___ Material for this exercise

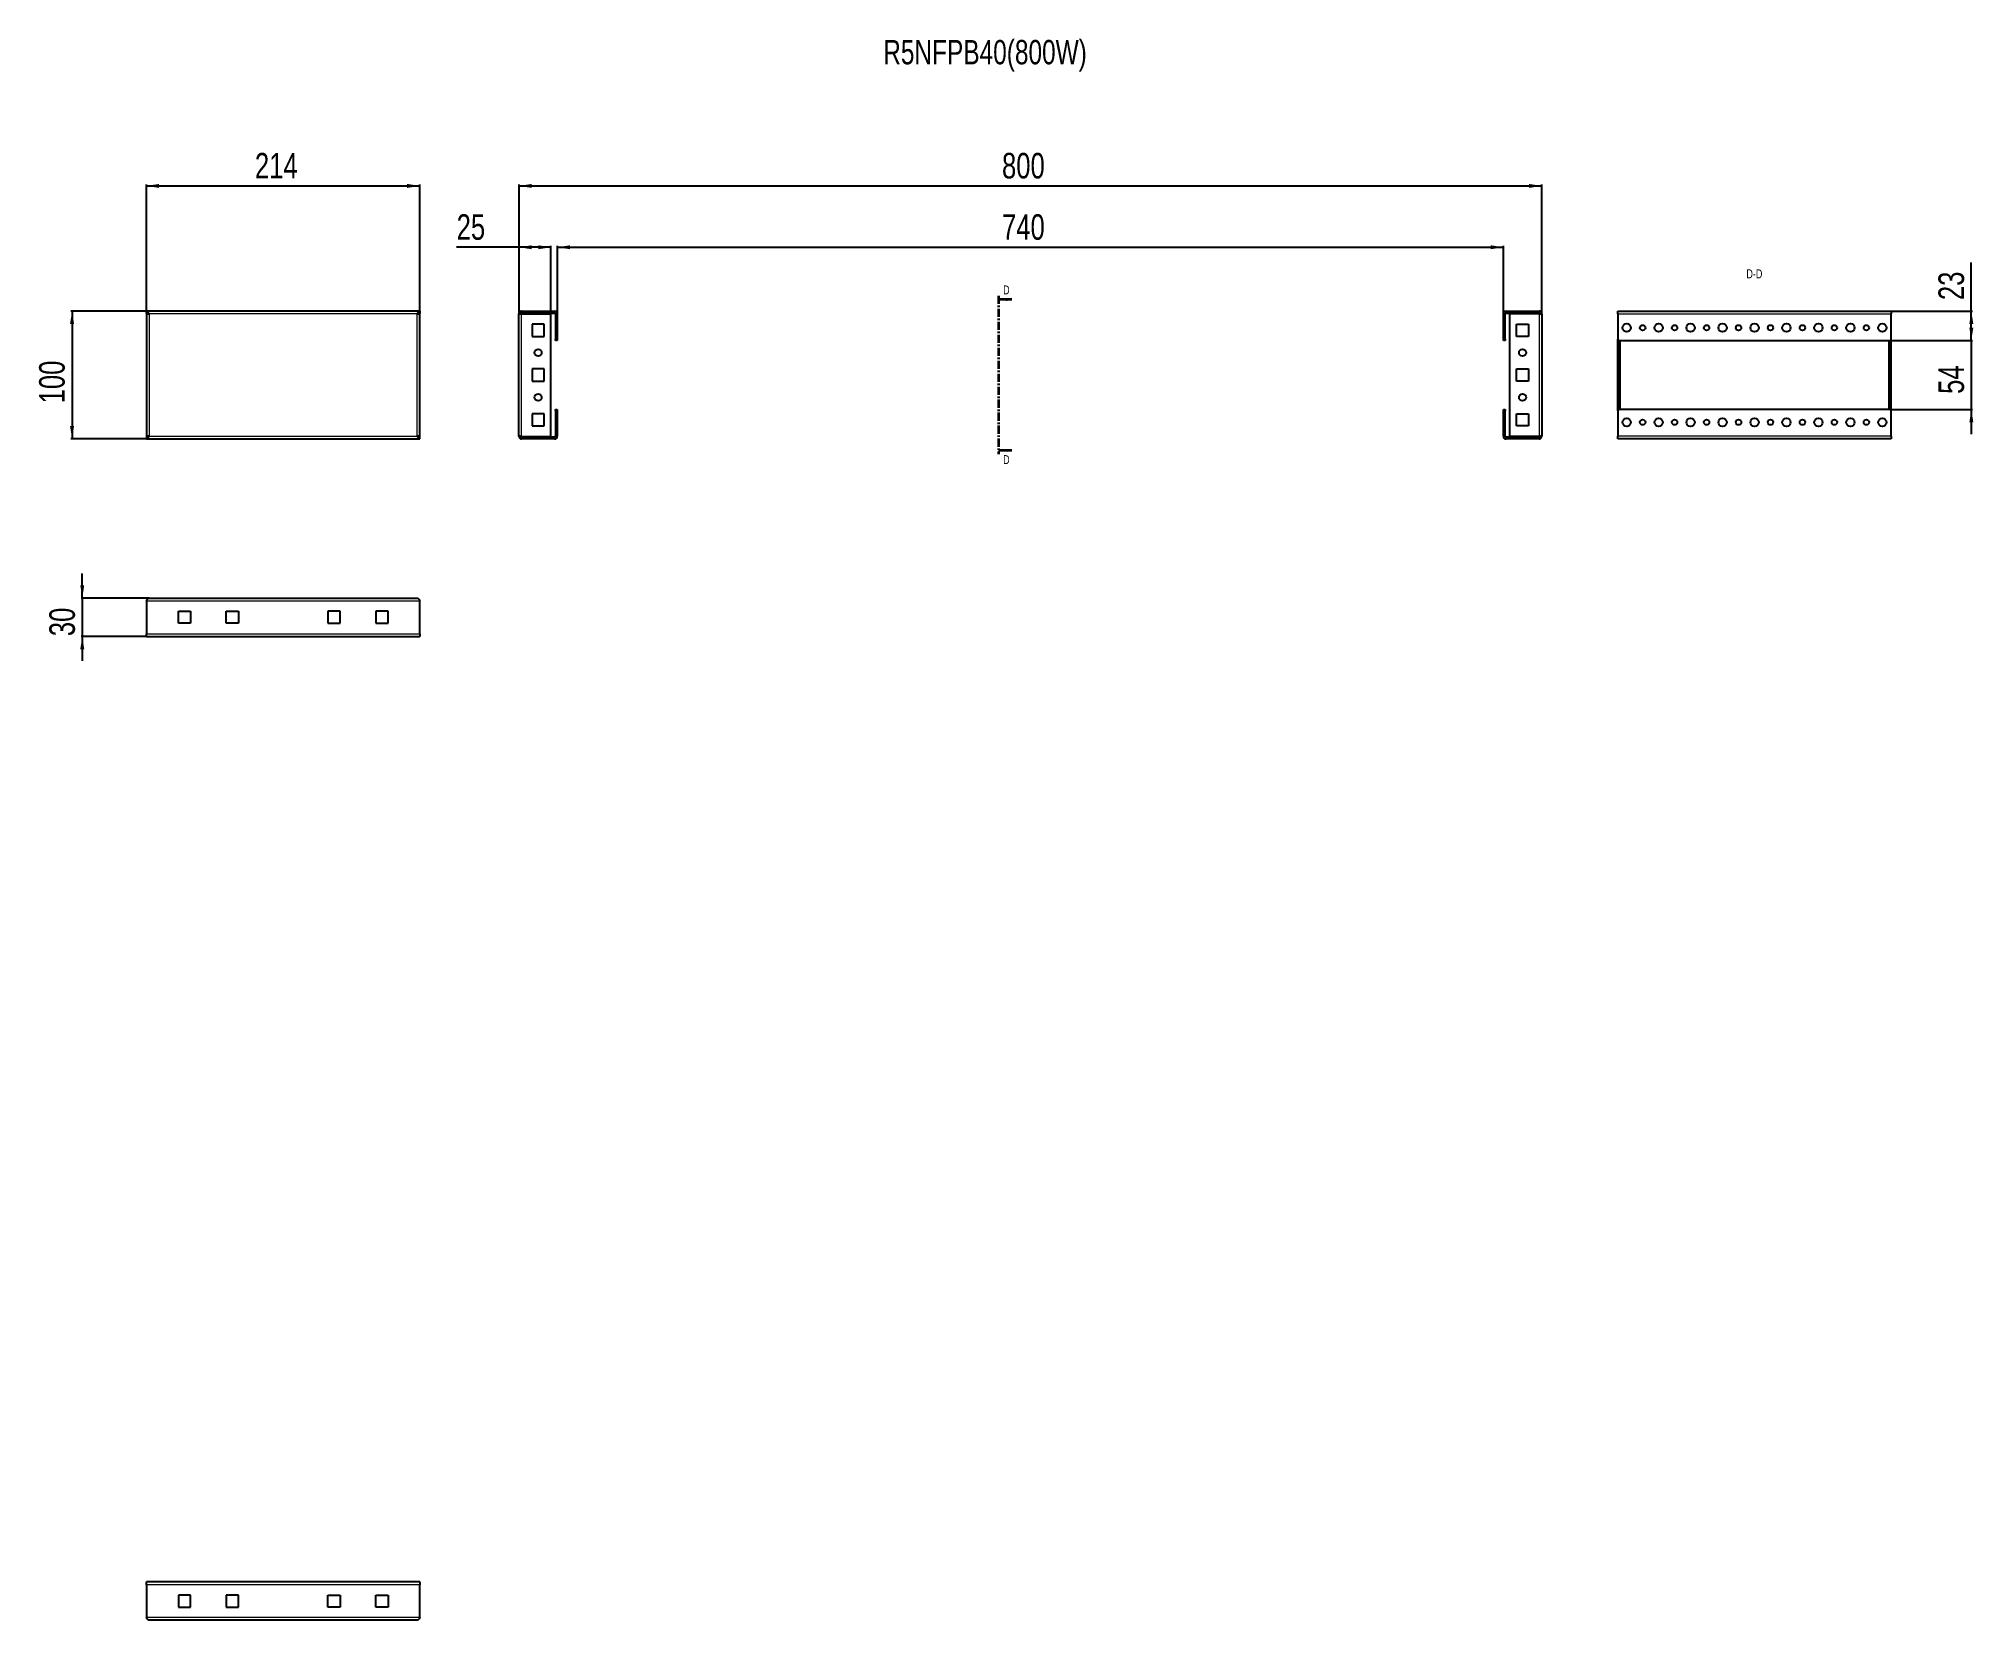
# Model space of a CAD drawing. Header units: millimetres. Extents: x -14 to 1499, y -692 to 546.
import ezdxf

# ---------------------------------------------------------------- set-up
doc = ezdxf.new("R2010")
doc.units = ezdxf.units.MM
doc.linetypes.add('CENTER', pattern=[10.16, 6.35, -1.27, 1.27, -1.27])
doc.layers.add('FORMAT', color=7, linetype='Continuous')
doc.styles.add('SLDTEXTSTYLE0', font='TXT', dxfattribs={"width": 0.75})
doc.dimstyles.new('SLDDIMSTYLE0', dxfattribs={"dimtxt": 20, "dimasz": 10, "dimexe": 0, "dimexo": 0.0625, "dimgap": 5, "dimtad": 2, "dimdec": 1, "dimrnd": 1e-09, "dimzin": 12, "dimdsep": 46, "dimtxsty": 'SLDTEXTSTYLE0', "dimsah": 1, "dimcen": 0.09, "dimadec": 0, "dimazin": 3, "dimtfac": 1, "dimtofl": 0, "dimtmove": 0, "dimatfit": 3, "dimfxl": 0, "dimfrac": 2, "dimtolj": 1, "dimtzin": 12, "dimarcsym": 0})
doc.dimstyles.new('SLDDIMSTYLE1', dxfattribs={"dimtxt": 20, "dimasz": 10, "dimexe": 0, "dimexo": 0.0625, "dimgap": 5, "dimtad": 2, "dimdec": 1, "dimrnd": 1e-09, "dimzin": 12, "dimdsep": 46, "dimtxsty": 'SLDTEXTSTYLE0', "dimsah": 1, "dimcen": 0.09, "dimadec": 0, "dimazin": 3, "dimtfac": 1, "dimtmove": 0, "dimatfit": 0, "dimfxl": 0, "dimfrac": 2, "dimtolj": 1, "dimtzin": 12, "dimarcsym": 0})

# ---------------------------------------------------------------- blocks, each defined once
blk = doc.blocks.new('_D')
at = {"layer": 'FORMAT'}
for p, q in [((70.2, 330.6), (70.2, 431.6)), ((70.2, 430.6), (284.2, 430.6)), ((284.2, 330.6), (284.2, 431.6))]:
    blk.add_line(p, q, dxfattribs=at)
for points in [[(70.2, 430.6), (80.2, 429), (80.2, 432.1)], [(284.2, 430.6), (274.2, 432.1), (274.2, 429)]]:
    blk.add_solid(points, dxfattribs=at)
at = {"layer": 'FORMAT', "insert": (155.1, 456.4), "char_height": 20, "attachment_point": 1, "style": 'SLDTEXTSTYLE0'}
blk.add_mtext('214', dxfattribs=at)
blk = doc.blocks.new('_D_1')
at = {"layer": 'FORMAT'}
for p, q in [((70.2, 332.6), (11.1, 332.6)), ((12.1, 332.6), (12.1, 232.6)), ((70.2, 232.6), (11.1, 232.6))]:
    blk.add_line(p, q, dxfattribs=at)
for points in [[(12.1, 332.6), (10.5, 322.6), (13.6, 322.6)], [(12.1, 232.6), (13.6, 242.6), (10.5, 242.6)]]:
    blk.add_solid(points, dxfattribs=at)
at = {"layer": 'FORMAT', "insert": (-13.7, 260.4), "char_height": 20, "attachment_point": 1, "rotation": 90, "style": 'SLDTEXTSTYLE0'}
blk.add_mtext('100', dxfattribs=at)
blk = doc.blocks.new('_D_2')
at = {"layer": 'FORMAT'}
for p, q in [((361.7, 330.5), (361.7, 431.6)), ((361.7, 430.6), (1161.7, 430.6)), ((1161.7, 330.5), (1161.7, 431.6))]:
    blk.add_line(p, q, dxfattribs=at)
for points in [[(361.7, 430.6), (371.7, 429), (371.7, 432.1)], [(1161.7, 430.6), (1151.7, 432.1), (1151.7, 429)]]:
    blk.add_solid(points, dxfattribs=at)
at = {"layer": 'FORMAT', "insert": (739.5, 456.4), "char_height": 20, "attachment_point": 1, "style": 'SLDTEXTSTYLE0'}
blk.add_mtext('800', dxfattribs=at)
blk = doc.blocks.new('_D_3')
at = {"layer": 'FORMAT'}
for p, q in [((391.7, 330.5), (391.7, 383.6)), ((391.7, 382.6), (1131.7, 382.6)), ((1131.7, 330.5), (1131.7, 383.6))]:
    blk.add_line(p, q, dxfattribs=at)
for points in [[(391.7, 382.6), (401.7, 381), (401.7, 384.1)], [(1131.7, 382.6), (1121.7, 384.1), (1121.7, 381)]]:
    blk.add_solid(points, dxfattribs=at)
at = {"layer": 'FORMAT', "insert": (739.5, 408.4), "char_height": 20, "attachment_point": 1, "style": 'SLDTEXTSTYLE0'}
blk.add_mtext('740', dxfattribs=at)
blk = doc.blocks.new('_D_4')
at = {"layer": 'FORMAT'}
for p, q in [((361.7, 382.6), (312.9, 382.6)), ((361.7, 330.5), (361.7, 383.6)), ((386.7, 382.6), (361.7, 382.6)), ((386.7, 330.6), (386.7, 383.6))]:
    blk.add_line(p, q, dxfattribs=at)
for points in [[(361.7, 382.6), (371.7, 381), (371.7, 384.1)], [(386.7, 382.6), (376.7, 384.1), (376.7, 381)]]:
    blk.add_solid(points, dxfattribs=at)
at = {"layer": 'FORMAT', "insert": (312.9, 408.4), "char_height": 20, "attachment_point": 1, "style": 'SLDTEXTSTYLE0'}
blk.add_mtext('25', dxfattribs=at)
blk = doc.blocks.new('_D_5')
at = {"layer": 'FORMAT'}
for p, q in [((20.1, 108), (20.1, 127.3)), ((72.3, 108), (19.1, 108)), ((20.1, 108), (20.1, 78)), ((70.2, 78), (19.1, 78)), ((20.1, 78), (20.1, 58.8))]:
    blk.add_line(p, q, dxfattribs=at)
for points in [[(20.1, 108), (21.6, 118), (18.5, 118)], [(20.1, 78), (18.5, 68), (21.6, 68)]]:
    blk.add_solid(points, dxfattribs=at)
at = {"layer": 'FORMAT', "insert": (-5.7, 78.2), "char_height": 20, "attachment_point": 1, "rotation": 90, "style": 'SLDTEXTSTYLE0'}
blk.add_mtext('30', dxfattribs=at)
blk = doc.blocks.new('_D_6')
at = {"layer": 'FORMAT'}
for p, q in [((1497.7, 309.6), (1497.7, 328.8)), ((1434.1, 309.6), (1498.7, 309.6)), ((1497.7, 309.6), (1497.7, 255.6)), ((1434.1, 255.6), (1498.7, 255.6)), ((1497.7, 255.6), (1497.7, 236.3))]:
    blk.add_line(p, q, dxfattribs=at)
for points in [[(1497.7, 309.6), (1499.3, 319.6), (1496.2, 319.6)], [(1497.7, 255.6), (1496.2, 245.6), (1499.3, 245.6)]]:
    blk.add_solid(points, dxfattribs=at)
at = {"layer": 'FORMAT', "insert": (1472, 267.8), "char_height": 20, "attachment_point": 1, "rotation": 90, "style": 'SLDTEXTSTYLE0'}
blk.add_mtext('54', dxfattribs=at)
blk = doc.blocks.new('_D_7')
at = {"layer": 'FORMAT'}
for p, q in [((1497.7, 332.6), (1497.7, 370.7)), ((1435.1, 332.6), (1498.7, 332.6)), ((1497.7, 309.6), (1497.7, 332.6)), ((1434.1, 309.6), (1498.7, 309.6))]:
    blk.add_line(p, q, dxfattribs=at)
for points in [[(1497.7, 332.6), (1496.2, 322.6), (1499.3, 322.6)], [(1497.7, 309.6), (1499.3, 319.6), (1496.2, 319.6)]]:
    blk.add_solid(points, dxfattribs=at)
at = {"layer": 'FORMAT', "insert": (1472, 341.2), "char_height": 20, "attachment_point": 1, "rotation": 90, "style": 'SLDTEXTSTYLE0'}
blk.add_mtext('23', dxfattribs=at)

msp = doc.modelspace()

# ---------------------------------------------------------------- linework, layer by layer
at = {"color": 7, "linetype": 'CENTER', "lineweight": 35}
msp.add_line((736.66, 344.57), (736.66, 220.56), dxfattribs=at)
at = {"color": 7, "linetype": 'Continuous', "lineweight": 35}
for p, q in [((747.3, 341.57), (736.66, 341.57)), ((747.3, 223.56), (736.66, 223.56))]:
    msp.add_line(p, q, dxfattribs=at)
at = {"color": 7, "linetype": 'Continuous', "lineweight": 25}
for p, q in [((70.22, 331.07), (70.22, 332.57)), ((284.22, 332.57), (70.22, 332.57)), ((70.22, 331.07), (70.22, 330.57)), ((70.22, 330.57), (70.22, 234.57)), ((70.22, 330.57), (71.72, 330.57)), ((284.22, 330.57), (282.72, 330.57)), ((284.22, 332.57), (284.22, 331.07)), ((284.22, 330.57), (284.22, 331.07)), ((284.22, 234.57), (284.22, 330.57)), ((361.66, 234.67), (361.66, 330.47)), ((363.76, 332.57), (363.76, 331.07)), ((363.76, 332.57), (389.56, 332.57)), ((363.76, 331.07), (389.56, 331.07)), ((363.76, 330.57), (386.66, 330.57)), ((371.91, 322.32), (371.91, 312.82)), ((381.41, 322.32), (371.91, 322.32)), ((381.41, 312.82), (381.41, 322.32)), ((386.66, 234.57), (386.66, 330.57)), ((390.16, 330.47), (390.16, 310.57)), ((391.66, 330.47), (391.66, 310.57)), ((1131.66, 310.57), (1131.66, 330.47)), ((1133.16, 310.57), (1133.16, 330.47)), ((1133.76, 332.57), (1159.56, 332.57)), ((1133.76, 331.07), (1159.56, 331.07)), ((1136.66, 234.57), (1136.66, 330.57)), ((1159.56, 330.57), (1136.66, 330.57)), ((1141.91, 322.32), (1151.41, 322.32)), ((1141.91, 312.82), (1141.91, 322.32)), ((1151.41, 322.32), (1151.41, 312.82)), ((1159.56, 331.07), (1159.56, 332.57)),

______

Aim of the exercise: Lines with the word "color" in them: report all of these from the listing above.

Answer to this task:
doc.layers.add('FORMAT', color=7, linetype='Continuous')
at = {"color": 7, "linetype": 'CENTER', "lineweight": 35}
at = {"color": 7, "linetype": 'Continuous', "lineweight": 35}
at = {"color": 7, "linetype": 'Continuous', "lineweight": 25}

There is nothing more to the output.